Comment 11 JF Bastien 2016-09-15 11:45:30 PDT
(In reply to comment #10)
> (In reply to comment #9)
> > 
> > ...
> >
> 
> I am going to dig a little bit deeper here to see why we're getting negative
> values at all.  In accessibility/media-element.html (just as an example,
> there are other that do this too) the payload value at one point is -7,
> which is 0xFFFFFFFFFFFFFFF9 when converted to unsigned.  Obviously this is
> going to   Currently, things seem to be working well, so throwing out the
> top 15 bits seems to be the intended behavior (although I agree that it
> seems weird)

OK cool, ty. That could be done separately IMO: it may be intended, and the assert won't fire.

> And as for the union bit, the previous version of the class was built as a
> conversion class (essentially a bitwise_cast) converting an unsigned char
> vector into a signed char vector.  I need to ask around because you're
> right, using unions to preform bitwise_casts is undefined in the standard
> (although defined in all relevant implementations) but we use this technique
> often in WebKit (actually, take a look at our implementation of
> bitwise_cast, it actually uses a union to preform the cast).

It doesn't anymore, I fixed it ;-)
Comment 12 Jonathan Bedard 2016-09-15 13:33:43 PDT
Created attachment 288990 [details]
Patch
Comment 13 Jonathan Bedard 2016-09-15 13:35:30 PDT
This patch fixes the union issues, although it still leaves out the ASSERT because that (currently) will cause test failures.

I will continue investigating to figure out if the negative integer is expected behavior in the first place, and if it is not, I will put in the ASSERT.
Comment 14 JF Bastien 2016-09-19 22:49:59 PDT
Comment on attachment 288990 [details]
Patch

View in context: https://bugs.webkit.org/attachment.cgi?id=288990&action=review

I think some of the diff is missing?

> Source/WTF/wtf/text/Base64.h:80
> +        m_vector.u->clear();

The non-return cases are wrong (below as well).
Comment 15 Jonathan Bedard 2016-09-20 09:00:54 PDT
Created attachment 289355 [details]
Patch
Comment 16 JF Bastien 2016-09-20 09:12:28 PDT
lgtm.

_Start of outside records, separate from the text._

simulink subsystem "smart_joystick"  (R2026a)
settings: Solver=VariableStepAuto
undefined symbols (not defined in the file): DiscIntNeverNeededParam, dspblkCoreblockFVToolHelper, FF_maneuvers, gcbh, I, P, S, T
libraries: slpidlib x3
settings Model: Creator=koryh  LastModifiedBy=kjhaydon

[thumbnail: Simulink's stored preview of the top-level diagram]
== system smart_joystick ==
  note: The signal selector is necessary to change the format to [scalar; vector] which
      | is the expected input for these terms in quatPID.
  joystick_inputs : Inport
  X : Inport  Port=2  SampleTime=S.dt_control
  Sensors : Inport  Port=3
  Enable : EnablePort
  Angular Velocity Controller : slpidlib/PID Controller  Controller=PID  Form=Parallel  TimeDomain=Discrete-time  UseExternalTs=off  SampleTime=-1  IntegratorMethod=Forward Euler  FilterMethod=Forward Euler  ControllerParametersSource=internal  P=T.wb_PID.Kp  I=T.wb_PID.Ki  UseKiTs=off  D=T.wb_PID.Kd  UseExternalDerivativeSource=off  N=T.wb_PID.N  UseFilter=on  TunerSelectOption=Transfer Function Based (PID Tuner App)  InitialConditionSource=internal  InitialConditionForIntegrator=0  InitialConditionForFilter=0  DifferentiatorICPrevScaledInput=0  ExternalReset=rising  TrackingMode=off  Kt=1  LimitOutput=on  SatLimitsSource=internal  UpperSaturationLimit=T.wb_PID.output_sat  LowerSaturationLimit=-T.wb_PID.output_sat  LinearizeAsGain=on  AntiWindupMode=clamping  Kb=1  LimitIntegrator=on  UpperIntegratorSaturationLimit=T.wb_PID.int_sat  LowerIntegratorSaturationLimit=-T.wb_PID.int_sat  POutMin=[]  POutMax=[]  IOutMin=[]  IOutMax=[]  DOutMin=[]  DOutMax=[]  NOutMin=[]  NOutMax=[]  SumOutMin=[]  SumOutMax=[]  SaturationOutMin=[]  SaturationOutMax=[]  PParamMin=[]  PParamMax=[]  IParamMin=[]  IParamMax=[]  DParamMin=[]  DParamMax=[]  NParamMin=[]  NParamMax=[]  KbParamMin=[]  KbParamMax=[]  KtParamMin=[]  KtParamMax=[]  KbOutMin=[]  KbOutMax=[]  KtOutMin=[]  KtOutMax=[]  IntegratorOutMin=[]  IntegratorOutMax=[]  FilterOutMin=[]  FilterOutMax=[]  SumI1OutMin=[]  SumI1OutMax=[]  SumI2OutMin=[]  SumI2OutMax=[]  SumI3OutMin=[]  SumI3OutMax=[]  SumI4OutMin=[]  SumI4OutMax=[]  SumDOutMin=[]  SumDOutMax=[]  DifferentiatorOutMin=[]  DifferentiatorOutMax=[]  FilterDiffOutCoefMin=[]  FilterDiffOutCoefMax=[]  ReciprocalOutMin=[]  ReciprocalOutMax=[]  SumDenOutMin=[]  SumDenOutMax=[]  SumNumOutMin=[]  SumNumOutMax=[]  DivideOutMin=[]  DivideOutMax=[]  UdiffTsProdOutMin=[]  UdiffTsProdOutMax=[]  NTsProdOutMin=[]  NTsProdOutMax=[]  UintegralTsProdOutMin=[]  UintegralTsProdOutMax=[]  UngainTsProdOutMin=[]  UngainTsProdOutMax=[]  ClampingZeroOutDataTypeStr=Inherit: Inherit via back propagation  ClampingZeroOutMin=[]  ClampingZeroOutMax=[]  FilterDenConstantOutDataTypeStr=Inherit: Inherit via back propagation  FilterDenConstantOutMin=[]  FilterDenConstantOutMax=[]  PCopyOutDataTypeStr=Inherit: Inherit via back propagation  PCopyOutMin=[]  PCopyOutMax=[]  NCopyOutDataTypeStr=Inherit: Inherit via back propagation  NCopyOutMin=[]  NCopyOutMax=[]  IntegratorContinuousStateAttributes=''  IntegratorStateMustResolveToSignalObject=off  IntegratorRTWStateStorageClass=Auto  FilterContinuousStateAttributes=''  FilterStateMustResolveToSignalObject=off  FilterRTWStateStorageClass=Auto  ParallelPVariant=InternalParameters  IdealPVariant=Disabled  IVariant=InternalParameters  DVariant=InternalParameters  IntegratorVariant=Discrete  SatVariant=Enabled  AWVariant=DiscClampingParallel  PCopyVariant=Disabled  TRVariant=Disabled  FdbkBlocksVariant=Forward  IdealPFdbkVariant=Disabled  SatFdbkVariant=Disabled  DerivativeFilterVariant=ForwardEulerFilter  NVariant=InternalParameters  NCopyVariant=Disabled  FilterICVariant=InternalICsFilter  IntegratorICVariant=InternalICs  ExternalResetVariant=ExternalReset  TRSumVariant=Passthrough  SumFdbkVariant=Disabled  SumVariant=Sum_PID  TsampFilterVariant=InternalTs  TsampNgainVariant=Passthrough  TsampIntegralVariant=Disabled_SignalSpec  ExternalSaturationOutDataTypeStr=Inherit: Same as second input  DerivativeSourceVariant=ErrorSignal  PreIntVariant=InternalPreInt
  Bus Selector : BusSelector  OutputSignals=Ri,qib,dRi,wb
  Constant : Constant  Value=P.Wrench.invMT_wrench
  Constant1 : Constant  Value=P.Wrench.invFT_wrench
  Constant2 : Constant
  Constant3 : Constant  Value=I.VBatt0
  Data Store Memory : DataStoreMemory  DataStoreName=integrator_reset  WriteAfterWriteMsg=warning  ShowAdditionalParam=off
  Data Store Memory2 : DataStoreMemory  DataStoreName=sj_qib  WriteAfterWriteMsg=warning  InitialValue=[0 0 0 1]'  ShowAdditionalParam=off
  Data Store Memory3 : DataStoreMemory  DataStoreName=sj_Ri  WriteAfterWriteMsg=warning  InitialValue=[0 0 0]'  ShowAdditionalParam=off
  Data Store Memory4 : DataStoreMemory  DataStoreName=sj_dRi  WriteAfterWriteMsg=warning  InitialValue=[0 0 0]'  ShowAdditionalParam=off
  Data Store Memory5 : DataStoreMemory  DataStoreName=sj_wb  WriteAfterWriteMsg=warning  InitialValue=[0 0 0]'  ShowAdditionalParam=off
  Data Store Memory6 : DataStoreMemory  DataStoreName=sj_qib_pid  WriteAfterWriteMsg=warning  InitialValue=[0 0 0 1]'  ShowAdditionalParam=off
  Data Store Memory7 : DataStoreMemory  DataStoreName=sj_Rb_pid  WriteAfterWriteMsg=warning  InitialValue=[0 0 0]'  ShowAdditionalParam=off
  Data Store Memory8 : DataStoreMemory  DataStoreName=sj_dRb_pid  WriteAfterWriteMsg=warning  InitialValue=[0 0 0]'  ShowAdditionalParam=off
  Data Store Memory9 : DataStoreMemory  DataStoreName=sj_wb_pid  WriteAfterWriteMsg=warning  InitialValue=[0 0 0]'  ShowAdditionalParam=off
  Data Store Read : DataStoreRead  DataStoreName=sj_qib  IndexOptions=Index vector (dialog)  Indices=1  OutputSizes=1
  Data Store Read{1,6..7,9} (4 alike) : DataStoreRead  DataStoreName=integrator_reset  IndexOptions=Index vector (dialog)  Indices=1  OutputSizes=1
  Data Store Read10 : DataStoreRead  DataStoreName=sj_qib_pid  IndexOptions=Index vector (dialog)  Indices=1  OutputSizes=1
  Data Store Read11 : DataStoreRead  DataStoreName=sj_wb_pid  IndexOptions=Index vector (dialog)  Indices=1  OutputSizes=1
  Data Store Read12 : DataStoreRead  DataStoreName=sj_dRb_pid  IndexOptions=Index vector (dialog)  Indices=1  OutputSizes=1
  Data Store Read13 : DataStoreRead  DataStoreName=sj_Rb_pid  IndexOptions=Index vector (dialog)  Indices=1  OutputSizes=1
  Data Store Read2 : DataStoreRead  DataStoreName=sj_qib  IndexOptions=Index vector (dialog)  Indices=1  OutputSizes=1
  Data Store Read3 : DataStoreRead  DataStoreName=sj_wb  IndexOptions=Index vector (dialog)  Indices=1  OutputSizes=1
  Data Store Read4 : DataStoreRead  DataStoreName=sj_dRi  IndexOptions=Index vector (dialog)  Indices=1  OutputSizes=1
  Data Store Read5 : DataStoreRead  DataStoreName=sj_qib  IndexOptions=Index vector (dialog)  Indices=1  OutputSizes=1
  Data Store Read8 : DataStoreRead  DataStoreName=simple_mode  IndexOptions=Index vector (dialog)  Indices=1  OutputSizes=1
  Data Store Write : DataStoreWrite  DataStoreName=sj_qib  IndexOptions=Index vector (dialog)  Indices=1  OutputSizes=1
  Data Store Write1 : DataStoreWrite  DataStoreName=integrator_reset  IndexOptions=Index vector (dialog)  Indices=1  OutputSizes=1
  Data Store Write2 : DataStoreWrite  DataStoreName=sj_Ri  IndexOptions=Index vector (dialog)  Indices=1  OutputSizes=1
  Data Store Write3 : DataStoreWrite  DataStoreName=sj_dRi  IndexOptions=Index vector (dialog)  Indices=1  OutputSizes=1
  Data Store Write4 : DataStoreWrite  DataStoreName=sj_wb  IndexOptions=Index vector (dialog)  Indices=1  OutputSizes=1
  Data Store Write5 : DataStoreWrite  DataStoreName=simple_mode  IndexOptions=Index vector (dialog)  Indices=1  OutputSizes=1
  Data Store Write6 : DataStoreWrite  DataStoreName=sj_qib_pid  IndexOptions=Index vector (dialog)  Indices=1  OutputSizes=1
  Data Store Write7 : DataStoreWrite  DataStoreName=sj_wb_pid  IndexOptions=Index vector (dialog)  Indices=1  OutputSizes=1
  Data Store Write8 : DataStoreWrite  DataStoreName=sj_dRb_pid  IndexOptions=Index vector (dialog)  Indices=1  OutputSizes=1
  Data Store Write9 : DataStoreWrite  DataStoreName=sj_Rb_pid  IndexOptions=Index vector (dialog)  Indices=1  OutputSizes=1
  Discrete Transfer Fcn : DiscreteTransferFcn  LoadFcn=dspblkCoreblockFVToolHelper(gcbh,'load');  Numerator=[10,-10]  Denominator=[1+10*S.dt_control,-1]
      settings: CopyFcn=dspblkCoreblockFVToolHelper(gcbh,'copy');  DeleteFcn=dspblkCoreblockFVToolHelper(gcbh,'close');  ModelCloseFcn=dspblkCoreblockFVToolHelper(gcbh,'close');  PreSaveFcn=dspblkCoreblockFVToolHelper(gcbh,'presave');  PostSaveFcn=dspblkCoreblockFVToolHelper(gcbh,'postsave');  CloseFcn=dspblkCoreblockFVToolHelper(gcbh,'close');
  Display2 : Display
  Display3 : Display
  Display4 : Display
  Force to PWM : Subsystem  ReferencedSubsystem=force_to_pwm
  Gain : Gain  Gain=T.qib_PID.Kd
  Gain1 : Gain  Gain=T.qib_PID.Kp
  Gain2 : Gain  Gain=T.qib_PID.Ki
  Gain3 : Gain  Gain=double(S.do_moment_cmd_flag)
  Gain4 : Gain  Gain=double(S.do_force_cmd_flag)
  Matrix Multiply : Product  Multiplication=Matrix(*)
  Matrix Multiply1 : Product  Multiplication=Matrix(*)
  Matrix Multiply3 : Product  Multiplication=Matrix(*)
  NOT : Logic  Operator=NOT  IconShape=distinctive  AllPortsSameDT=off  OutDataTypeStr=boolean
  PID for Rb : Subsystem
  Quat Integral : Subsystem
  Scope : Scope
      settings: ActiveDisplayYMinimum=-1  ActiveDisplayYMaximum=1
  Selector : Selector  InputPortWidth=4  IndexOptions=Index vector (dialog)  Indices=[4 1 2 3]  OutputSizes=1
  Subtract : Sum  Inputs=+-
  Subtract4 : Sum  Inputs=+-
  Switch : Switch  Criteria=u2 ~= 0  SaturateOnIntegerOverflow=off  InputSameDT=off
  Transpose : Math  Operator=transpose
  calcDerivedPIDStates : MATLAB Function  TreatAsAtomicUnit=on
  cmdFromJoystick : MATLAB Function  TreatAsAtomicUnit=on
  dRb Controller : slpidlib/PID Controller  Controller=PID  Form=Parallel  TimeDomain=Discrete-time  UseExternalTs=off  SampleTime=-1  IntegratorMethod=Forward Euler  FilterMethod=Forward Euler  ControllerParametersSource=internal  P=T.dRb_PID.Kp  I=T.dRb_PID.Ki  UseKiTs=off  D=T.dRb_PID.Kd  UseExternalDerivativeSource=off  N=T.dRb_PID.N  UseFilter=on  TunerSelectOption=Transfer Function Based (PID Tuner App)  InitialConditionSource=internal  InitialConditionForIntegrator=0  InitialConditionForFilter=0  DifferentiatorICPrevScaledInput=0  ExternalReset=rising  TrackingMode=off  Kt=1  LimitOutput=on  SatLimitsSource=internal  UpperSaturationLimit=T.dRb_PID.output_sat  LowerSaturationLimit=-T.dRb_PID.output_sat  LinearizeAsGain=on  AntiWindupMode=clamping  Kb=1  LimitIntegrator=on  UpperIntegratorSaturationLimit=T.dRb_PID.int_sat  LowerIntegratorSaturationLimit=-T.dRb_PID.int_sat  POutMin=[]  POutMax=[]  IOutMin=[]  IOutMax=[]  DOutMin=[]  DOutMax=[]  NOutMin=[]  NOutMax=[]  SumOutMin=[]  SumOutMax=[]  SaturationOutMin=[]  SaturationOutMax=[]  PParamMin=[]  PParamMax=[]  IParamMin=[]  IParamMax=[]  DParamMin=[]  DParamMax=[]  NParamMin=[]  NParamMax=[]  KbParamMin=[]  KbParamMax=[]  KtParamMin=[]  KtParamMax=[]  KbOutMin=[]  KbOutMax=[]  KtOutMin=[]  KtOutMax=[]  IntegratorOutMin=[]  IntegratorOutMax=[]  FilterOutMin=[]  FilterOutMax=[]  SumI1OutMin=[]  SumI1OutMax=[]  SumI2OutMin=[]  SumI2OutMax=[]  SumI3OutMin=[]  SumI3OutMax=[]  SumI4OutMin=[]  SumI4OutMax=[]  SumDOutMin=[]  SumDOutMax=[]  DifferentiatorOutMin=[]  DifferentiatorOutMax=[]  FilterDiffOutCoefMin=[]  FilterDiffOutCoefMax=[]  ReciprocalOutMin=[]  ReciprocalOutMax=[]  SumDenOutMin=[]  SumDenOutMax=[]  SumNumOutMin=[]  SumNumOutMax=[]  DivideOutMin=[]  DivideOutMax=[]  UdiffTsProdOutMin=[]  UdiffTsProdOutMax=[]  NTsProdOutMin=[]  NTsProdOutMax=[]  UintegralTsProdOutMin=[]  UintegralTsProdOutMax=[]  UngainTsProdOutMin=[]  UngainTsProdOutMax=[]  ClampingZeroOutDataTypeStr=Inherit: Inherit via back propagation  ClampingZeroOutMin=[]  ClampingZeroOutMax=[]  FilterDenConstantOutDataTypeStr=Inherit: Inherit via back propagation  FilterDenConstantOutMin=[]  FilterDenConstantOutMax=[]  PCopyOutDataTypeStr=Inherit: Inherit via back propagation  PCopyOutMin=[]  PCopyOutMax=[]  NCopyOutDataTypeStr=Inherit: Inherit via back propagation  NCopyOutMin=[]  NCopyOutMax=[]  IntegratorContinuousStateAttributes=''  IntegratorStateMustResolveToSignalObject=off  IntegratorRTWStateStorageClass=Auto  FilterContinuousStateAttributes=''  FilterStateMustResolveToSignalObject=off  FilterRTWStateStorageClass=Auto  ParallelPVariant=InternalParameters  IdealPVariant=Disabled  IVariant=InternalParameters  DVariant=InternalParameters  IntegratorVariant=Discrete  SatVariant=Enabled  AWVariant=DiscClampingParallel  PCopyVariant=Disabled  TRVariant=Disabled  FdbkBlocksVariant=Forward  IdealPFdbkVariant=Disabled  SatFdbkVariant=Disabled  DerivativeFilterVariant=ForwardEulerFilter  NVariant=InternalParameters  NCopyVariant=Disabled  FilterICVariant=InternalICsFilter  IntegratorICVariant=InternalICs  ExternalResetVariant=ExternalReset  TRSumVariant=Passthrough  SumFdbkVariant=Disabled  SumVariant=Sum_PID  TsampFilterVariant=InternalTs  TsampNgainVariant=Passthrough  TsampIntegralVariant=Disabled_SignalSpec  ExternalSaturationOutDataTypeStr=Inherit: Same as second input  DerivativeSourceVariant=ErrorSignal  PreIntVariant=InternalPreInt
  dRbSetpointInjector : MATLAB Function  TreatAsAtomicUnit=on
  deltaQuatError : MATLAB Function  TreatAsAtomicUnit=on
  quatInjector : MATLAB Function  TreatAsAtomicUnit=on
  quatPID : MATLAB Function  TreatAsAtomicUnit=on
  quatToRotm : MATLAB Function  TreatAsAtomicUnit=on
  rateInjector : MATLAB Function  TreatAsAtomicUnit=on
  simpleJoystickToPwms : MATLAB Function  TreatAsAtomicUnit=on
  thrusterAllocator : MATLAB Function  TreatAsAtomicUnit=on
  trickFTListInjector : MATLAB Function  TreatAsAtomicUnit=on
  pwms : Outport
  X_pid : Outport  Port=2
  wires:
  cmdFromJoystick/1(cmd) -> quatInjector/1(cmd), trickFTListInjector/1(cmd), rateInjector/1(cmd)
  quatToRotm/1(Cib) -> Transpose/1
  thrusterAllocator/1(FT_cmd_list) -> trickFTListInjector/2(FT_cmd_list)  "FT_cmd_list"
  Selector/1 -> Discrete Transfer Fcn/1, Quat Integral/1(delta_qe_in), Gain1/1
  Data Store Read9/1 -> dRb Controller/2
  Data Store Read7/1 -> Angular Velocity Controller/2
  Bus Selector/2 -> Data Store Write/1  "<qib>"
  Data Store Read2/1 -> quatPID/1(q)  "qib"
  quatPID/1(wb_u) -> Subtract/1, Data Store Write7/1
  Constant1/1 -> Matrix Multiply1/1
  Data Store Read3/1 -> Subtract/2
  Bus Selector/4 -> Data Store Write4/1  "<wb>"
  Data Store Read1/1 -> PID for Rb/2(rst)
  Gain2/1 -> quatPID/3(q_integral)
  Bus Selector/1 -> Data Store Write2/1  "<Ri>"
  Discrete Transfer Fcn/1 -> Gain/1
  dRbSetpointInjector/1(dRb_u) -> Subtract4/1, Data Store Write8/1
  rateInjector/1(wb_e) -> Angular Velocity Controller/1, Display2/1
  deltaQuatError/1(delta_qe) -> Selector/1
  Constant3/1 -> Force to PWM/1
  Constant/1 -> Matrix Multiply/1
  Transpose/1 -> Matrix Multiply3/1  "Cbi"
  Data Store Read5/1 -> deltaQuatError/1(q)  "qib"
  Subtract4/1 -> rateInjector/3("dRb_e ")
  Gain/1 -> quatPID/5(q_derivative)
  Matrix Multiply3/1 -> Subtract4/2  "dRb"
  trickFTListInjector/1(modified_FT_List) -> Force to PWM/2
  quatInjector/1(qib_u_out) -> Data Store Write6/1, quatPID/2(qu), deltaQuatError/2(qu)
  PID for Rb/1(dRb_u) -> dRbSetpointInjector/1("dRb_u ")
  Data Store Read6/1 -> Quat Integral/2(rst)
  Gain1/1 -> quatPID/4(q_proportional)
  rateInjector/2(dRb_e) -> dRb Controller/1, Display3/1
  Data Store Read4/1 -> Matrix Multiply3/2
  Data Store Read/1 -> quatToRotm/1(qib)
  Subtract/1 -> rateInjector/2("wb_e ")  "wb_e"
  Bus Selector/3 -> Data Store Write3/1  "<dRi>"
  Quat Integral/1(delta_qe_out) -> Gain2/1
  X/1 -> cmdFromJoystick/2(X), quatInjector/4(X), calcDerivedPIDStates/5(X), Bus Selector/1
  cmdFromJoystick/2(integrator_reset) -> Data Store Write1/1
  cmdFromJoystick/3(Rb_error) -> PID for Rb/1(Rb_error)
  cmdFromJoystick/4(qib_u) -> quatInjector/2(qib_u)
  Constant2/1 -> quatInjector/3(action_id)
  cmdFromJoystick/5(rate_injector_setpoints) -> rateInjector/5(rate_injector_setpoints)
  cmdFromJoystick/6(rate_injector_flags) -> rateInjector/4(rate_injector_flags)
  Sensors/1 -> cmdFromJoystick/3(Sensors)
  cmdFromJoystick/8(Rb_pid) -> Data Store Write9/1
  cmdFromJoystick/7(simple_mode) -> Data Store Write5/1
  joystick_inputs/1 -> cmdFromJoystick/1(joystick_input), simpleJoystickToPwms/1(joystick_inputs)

I don't have review access, so you'll need someone else to r+.
Comment 17 Keith Miller 2016-09-20 09:29:42 PDT
Comment on attachment 289355 [details]
Patch

r=me.
Comment 18 WebKit Commit Bot 2016-09-20 10:16:13 PDT
Comment on attachment 289355 [details]
Patch

Clearing flags on attachment: 289355

Committed r206151: <http://trac.webkit.org/changeset/206151>
Comment 19 WebKit Commit Bot 2016-09-20 10:16:19 PDT
All reviewed patches have been landed.  Closing bug.